START THE INPUT

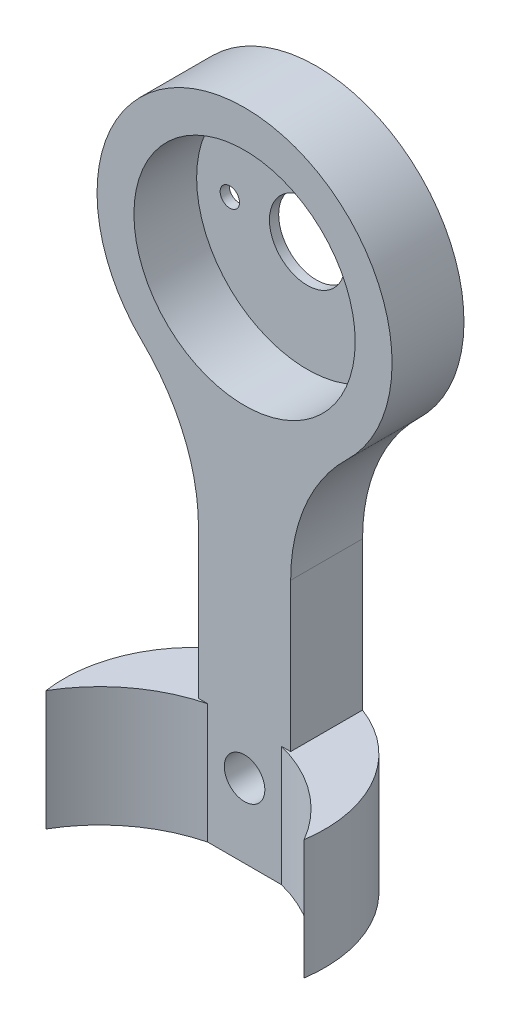
from build123d import *

# Parameters (mm, degrees)
SKETCH1_R           = 6
SKETCH1_R_2         = 1.1
BOSS_EXTRUDE1_DEPTH = 3.9
SKETCH5_R           = 8
SKETCH5_R_2         = 2.05
SKETCH5_R_3         = 0.525
BOSS_EXTRUDE3_DEPTH = 0.5
BOSS_EXTRUDE4_DEPTH = 6.5


with BuildPart() as part:
    # Sketch1 → Boss-Extrude1 (new body)
    with BuildSketch(Plane.XY):
        with BuildLine():
            Line((-2.5, -27.5), (2.5, -27.5))
            Line((2.5, -27.5), (2.5, -12.951833847))
            ThreePointArc((2.5, -12.951833847), (3.295532486, -9.043154047), (5.555555556, -5.756370599))
            ThreePointArc((5.555555556, -5.756370599), (0, 8), (-5.555555556, -5.756370599))
            ThreePointArc((-5.555555556, -5.756370599), (-3.295532486, -9.043154047), (-2.5, -12.951833847))
            Line((-2.5, -12.951833847), (-2.5, -27.5))
        make_face()
        Circle(SKETCH1_R, mode=Mode.SUBTRACT)
        with Locations((0, -23.5)):
            Circle(SKETCH1_R_2, mode=Mode.SUBTRACT)
    extrude(amount=BOSS_EXTRUDE1_DEPTH)

    # Sketch5 → Boss-Extrude3 (add)
    with BuildSketch(Plane(origin=(0, 0, 0), x_dir=(-1, 0, 0), z_dir=(0, 0, -1))):
        Circle(SKETCH5_R)
        Circle(SKETCH5_R_2, mode=Mode.SUBTRACT)
        with Locations((4.2, 0)):
            Circle(SKETCH5_R_3, mode=Mode.SUBTRACT)
        with Locations((-4.2, 0)):
            Circle(SKETCH5_R_3, mode=Mode.SUBTRACT)
    extrude(amount=-BOSS_EXTRUDE3_DEPTH)

    # Sketch7 → Boss-Extrude4 (add)
    with BuildSketch(Plane.XZ.offset(27.5)):
        with BuildLine():
            ThreePointArc((7, 7.666888651), (4.877255668, 5.281037947), (1.997835367, 3.9))
            Line((1.997835367, 3.9), (2.5, 3.9))
            Line((2.5, 3.9), (2.5, 0))
            ThreePointArc((2.5, 0), (6.103916398, 3.038777275), (7, 7.666888651))
        make_face()
        with BuildLine():
            Line((-2.5, 3.9), (-1.997835367, 3.9))
            ThreePointArc((-1.997835367, 3.9), (-4.877255668, 5.281037947), (-7, 7.666888651))
            ThreePointArc((-7, 7.666888651), (-6.103916398, 3.038777275), (-2.5, 0))
            Line((-2.5, 0), (-2.5, 3.9))
        make_face()
    extrude(amount=-BOSS_EXTRUDE4_DEPTH)


solid = part.part
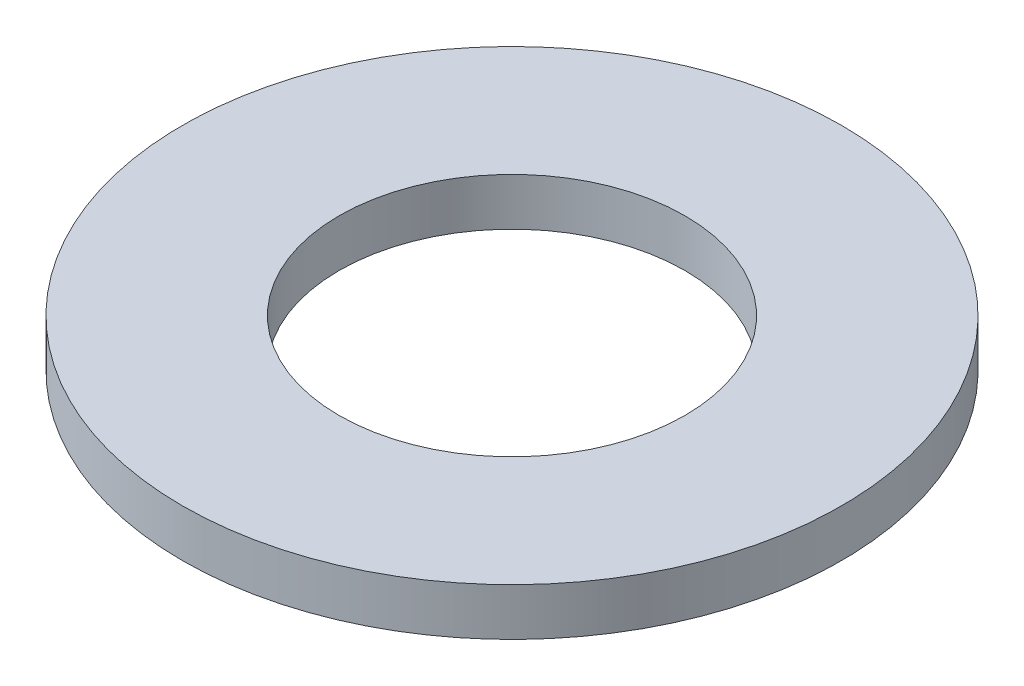
from build123d import *

# Parameters (mm, degrees)
SKETCH1_W = 7.5438
SKETCH1_H = 2.286


with BuildPart() as part:
    # Sketch1 → Revolve1 (revolve)
    with BuildSketch(Plane(origin=(0, 0, 0), x_dir=(-1, 0, 0), z_dir=(0, 0, -1))):
        with Locations((-12.1031, 1.143)):
            Rectangle(SKETCH1_W, SKETCH1_H)
    revolve(axis=Axis((0, 0, 0), (0, 1, 0)))


solid = part.part

END THE INPUT

» **ASSIGNED TASK**
Above are some records; extract exactly the lines from the one containing "Circle(SKETCH5_R)" through the one containing "# Sketch1 → Revolve1 (revolve)" and drop the pictures.

» **THE COMPLETED TASK**
        Circle(SKETCH5_R)
        Circle(SKETCH5_R_2, mode=Mode.SUBTRACT)
        with Locations((4.2, 0)):
            Circle(SKETCH5_R_3, mode=Mode.SUBTRACT)
        with Locations((-4.2, 0)):
            Circle(SKETCH5_R_3, mode=Mode.SUBTRACT)
    extrude(amount=-BOSS_EXTRUDE3_DEPTH)

    # Sketch7 → Boss-Extrude4 (add)
    with BuildSketch(Plane.XZ.offset(27.5)):
        with BuildLine():
            ThreePointArc((7, 7.666888651), (4.877255668, 5.281037947), (1.997835367, 3.9))
            Line((1.997835367, 3.9), (2.5, 3.9))
            Line((2.5, 3.9), (2.5, 0))
            ThreePointArc((2.5, 0), (6.103916398, 3.038777275), (7, 7.666888651))
        make_face()
        with BuildLine():
            Line((-2.5, 3.9), (-1.997835367, 3.9))
            ThreePointArc((-1.997835367, 3.9), (-4.877255668, 5.281037947), (-7, 7.666888651))
            ThreePointArc((-7, 7.666888651), (-6.103916398, 3.038777275), (-2.5, 0))
            Line((-2.5, 0), (-2.5, 3.9))
        make_face()
    extrude(amount=-BOSS_EXTRUDE4_DEPTH)


solid = part.part
from build123d import *

# Parameters (mm, degrees)
SKETCH1_W = 7.5438
SKETCH1_H = 2.286


with BuildPart() as part:
    # Sketch1 → Revolve1 (revolve)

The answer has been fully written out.